Sandie O'Connor Sandie O’Connor,
Global Head of
Financing and Markets Products
  The financial markets demonstrated increased stability in the second quarter 2009 relative to the prior twelve months, though evidence of economic weakness continued. On the positive side, economies began to grow again, most significantly in Asia. New issuances increased in Asia and Europe, and global equity markets rallied through much of the quarter. The U.S. banking sector received a nod of approval when select firms, including J.P. Morgan, passed the federal government stress test and were granted permission to repay funds distributed under the Troubled Asset Relief Program (TARP). Reliance on U.S. Federal Reserve liquidity facilities decreased, with certain liquidity programs at their lowest balances since the facilities' launch in October 2008 and other programs set to expire in the fall. (In this edition of the newsletter, we included a Regulatory Corner, to update you on the status of key liquidity programs influencing the financial markets.) Despite the positive signs of improved stability, equity gains were given back as the quarter ended; unemployment, particularly in the U.S., continues to increase; and the Federal Reserve and European Central Bank continue to advise that further quantitative easing may be necessary.

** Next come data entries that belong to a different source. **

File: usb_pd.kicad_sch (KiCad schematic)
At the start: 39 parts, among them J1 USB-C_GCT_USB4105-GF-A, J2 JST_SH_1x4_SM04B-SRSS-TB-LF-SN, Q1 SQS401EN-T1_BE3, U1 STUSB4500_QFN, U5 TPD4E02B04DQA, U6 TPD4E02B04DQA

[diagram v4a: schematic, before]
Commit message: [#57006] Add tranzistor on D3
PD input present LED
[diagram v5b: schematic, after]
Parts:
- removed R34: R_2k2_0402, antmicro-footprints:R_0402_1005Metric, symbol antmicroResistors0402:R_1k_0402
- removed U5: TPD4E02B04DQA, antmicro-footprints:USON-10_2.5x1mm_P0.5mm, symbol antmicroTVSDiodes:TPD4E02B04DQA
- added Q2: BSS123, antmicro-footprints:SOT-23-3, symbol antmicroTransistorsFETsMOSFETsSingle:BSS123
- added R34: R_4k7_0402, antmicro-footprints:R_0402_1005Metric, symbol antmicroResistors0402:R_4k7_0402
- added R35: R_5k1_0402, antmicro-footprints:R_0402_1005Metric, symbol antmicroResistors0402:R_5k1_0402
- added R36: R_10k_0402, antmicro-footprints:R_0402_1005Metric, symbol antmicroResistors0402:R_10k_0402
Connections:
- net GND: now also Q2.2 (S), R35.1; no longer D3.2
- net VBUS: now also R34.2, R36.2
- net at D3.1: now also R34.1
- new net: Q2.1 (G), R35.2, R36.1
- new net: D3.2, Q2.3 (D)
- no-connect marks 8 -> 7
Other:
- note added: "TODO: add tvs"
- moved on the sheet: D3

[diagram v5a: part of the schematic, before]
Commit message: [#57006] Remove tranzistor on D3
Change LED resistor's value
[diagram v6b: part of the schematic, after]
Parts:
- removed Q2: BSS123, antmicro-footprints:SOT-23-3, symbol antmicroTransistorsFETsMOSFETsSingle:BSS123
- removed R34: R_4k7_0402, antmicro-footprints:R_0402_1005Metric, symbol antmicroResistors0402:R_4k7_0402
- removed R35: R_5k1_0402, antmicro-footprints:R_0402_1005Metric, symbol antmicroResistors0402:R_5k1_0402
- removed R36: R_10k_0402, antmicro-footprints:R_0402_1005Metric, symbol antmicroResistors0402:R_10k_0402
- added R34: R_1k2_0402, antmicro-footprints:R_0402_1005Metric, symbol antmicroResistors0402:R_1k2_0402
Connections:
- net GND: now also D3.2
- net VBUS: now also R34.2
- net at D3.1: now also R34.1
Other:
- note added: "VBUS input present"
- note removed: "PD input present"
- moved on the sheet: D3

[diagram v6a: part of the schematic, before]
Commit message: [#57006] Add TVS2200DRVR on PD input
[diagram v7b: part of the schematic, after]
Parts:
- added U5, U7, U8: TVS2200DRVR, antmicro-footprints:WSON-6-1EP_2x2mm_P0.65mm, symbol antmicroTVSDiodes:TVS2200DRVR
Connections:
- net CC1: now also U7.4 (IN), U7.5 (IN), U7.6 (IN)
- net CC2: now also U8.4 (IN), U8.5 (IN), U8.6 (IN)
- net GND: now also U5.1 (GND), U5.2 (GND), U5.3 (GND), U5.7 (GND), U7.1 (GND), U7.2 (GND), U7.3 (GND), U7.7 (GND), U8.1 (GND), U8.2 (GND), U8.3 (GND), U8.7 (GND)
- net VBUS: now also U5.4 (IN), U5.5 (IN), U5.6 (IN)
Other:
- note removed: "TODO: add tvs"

Importantly, the fundamentals of the securities lending market began to improve, most notably with better hedge fund performance (the average return through June was up 10%). Stronger hedge fund performance indicates an increased capacity to take positions and points toward greater potential demand for borrowed securities in the coming quarters. While some challenges remained in the market, including ongoing heavy Treasury issuance and compressed spreads, the intrinsic value of equity lending improved driven primarily by relaxed short-selling restrictions, increased capital raising in Europe and Asia, the dividend season, and select equity specials. As fixed income markets have normalized, clients continue to look for opportunities to expand lending opportunities in the context of appropriately conservative guidelines. Throughout the second quarter, we saw increased interest in three to six month investment products, be they for securities lending cash collateral or for money market funds. We continue to emphasize a "back to basics" approach to cash collateral reinvestment, and over the coming months will provide ongoing support to clients to implement strategies that reflect market conditions and individual risk/reward profiles.